Task to carry out
Among the lines below, take the one holding "#142=CARTESIAN_POINT('',(-67.4999999999999,-20.5,-2.));", the one holding "#161=CARTESIAN_POINT('',(-67.4999999999999,-15.5,0.));", and all lines between them. Set them down exactly.

The input
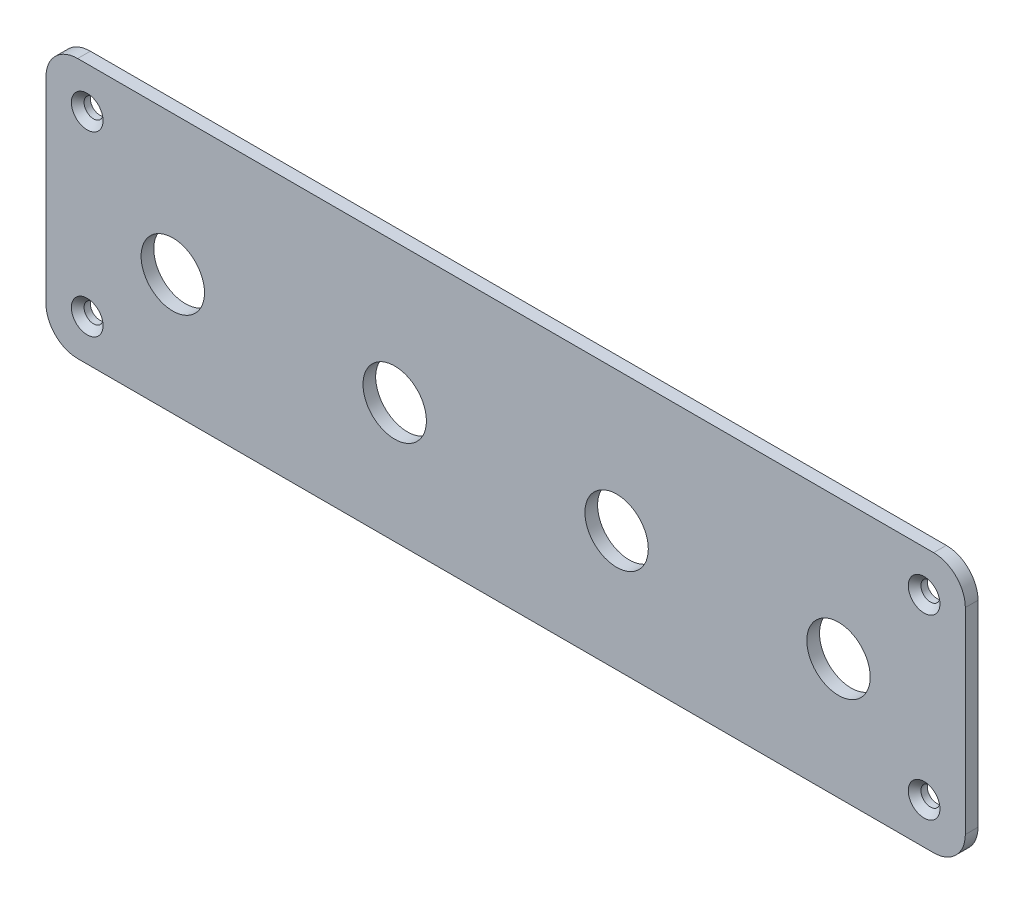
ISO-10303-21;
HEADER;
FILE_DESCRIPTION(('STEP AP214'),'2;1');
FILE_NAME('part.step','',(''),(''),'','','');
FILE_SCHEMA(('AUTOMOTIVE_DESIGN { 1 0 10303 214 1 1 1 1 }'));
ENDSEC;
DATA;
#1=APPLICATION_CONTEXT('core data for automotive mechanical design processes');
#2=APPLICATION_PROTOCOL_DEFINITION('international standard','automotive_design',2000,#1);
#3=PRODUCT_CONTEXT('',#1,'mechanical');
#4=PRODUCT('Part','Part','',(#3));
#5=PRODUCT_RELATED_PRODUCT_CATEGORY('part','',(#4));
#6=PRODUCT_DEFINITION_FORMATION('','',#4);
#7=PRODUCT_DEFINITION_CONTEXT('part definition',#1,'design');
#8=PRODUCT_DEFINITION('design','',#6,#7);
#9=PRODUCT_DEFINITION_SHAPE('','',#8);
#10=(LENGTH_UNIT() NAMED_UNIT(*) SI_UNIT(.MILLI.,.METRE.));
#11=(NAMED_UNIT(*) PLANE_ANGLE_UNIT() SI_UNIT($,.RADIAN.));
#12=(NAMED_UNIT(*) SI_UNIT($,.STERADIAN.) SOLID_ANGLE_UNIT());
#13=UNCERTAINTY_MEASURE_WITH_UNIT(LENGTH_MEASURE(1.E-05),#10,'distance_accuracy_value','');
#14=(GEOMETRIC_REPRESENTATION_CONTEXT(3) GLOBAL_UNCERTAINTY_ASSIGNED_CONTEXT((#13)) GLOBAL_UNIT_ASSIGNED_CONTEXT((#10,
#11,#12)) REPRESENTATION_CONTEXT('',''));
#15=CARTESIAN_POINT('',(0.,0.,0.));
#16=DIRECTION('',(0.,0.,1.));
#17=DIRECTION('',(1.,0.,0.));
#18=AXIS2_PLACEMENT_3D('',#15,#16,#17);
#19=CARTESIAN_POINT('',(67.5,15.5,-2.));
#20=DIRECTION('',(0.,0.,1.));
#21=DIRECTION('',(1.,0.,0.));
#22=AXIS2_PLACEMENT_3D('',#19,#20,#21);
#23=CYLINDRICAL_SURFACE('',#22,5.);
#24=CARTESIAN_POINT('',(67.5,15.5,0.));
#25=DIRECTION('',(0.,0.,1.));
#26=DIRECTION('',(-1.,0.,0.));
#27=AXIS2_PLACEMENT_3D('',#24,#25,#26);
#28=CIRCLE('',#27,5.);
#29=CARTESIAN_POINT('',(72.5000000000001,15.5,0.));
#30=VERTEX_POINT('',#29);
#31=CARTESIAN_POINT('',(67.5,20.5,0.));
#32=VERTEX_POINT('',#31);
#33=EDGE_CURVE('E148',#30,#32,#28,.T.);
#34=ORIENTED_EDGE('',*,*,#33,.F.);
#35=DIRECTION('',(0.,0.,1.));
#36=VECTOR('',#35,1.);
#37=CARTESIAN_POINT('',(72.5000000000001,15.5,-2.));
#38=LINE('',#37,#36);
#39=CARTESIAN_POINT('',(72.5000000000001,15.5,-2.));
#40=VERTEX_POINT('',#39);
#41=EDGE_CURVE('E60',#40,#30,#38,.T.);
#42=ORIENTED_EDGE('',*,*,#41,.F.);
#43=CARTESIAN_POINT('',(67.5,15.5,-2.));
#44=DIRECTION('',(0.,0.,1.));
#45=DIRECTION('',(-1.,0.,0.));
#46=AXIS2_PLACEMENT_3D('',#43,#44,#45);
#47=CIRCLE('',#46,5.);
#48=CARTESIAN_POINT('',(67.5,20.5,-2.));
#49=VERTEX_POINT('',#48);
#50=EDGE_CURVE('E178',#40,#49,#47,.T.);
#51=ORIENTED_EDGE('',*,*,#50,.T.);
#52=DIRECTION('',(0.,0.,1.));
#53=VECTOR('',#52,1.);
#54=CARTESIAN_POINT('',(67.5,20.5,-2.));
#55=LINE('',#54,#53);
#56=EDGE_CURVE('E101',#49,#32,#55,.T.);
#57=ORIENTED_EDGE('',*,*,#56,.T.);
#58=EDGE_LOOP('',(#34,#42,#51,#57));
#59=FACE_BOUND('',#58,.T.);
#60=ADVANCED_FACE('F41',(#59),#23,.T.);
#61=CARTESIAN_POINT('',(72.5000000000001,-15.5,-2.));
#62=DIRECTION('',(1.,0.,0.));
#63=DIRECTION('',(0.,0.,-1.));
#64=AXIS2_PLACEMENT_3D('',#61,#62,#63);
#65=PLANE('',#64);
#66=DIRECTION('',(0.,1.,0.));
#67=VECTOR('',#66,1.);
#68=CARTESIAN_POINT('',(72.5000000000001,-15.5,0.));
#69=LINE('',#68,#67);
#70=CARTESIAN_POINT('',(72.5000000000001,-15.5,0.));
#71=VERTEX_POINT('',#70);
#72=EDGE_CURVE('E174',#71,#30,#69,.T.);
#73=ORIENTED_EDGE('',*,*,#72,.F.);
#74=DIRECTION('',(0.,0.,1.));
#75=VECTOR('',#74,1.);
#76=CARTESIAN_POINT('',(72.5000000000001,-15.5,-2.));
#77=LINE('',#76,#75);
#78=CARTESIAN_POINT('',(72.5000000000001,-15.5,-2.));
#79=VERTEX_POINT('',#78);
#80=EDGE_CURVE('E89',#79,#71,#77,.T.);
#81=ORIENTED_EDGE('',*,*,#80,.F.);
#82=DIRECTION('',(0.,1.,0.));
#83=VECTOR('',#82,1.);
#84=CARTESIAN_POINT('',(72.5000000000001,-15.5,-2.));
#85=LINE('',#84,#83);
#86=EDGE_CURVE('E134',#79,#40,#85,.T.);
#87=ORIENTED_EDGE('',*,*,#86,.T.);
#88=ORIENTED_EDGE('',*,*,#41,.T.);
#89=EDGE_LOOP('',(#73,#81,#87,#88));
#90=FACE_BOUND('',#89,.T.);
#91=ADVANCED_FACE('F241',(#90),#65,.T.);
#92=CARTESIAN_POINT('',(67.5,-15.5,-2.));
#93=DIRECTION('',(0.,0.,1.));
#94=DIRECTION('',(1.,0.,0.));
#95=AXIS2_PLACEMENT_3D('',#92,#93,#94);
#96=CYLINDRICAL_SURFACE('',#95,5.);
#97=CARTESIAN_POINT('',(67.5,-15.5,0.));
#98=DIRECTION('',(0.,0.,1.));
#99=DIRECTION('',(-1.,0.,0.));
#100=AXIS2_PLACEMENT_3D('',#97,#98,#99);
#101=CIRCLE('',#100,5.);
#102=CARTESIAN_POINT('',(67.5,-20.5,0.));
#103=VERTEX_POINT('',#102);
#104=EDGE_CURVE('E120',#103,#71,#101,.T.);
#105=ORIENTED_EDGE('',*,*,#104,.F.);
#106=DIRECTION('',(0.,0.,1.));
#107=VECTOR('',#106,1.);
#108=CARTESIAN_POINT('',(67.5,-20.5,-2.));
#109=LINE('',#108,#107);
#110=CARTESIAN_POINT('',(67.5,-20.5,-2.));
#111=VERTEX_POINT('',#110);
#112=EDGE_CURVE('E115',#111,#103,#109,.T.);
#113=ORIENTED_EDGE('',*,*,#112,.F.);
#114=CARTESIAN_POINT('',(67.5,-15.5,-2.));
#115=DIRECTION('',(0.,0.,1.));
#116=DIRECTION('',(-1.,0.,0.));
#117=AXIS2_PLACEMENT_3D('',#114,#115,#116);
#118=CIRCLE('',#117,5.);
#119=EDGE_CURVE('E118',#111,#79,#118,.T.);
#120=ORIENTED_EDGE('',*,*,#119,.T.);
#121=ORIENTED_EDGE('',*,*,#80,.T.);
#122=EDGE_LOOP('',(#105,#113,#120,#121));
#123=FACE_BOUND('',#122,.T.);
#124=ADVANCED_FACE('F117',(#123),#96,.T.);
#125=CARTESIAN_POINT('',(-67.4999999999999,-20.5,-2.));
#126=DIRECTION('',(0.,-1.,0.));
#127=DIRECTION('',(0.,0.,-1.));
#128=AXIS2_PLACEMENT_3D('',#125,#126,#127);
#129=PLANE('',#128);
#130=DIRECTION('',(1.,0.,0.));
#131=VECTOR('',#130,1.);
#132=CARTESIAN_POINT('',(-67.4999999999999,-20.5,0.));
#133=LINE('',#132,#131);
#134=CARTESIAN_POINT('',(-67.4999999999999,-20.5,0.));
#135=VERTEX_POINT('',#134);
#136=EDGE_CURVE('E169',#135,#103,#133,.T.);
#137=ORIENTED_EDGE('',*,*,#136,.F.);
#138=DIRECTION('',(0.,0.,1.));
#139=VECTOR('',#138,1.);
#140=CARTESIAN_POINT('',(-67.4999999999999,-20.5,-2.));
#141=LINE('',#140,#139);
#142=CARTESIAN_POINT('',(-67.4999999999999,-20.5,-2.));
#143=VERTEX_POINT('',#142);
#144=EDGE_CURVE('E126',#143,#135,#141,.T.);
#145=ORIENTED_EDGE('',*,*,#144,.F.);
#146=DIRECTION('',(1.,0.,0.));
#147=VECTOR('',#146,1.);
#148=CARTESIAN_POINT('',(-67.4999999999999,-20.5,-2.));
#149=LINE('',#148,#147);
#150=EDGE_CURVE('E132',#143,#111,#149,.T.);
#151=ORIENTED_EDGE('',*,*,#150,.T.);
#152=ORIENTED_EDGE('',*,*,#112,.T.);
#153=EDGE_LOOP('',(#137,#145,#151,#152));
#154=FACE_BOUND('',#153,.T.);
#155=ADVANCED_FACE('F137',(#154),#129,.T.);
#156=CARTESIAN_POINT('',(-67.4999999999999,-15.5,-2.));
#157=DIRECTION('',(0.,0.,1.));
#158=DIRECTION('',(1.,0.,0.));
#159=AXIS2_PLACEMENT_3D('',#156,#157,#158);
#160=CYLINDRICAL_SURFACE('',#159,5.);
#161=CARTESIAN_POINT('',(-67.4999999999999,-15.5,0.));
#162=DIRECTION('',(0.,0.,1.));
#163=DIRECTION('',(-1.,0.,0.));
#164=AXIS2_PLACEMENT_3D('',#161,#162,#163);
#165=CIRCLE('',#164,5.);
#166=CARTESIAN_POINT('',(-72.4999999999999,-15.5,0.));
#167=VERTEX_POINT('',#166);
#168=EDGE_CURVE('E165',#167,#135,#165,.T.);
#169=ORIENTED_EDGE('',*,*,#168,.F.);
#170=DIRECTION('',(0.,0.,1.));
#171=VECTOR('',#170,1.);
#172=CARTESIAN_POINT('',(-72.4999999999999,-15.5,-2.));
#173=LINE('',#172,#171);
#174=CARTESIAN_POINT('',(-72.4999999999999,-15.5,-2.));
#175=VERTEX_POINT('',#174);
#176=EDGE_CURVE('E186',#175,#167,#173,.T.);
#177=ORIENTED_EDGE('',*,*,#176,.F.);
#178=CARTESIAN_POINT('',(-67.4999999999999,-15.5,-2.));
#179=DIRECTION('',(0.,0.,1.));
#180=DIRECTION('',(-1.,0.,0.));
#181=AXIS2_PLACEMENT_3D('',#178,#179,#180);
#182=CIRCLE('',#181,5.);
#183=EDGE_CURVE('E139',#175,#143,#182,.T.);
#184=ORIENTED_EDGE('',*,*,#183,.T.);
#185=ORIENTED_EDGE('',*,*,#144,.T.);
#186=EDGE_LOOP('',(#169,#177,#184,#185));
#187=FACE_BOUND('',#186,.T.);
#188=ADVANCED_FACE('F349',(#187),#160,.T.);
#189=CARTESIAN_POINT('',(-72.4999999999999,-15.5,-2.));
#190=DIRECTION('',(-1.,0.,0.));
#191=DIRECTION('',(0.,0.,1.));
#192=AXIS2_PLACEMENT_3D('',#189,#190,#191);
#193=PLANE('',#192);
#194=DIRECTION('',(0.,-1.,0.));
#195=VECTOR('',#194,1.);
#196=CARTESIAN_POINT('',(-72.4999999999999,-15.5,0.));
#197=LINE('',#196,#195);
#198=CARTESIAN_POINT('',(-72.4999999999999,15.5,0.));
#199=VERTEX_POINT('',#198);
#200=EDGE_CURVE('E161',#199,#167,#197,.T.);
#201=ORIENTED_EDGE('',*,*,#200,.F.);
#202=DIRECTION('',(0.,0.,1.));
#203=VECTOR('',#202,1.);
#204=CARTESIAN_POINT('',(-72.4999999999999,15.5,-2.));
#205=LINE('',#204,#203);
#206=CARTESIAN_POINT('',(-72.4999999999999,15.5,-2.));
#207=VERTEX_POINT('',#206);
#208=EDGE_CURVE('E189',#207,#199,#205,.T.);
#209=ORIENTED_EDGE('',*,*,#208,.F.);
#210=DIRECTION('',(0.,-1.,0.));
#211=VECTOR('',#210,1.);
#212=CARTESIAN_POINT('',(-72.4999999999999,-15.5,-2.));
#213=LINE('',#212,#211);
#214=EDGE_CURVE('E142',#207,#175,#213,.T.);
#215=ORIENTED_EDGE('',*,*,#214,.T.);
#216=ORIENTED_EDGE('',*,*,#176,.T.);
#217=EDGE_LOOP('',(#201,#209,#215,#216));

Reply
#142=CARTESIAN_POINT('',(-67.4999999999999,-20.5,-2.));
#143=VERTEX_POINT('',#142);
#144=EDGE_CURVE('E126',#143,#135,#141,.T.);
#145=ORIENTED_EDGE('',*,*,#144,.F.);
#146=DIRECTION('',(1.,0.,0.));
#147=VECTOR('',#146,1.);
#148=CARTESIAN_POINT('',(-67.4999999999999,-20.5,-2.));
#149=LINE('',#148,#147);
#150=EDGE_CURVE('E132',#143,#111,#149,.T.);
#151=ORIENTED_EDGE('',*,*,#150,.T.);
#152=ORIENTED_EDGE('',*,*,#112,.T.);
#153=EDGE_LOOP('',(#137,#145,#151,#152));
#154=FACE_BOUND('',#153,.T.);
#155=ADVANCED_FACE('F137',(#154),#129,.T.);
#156=CARTESIAN_POINT('',(-67.4999999999999,-15.5,-2.));
#157=DIRECTION('',(0.,0.,1.));
#158=DIRECTION('',(1.,0.,0.));
#159=AXIS2_PLACEMENT_3D('',#156,#157,#158);
#160=CYLINDRICAL_SURFACE('',#159,5.);
#161=CARTESIAN_POINT('',(-67.4999999999999,-15.5,0.));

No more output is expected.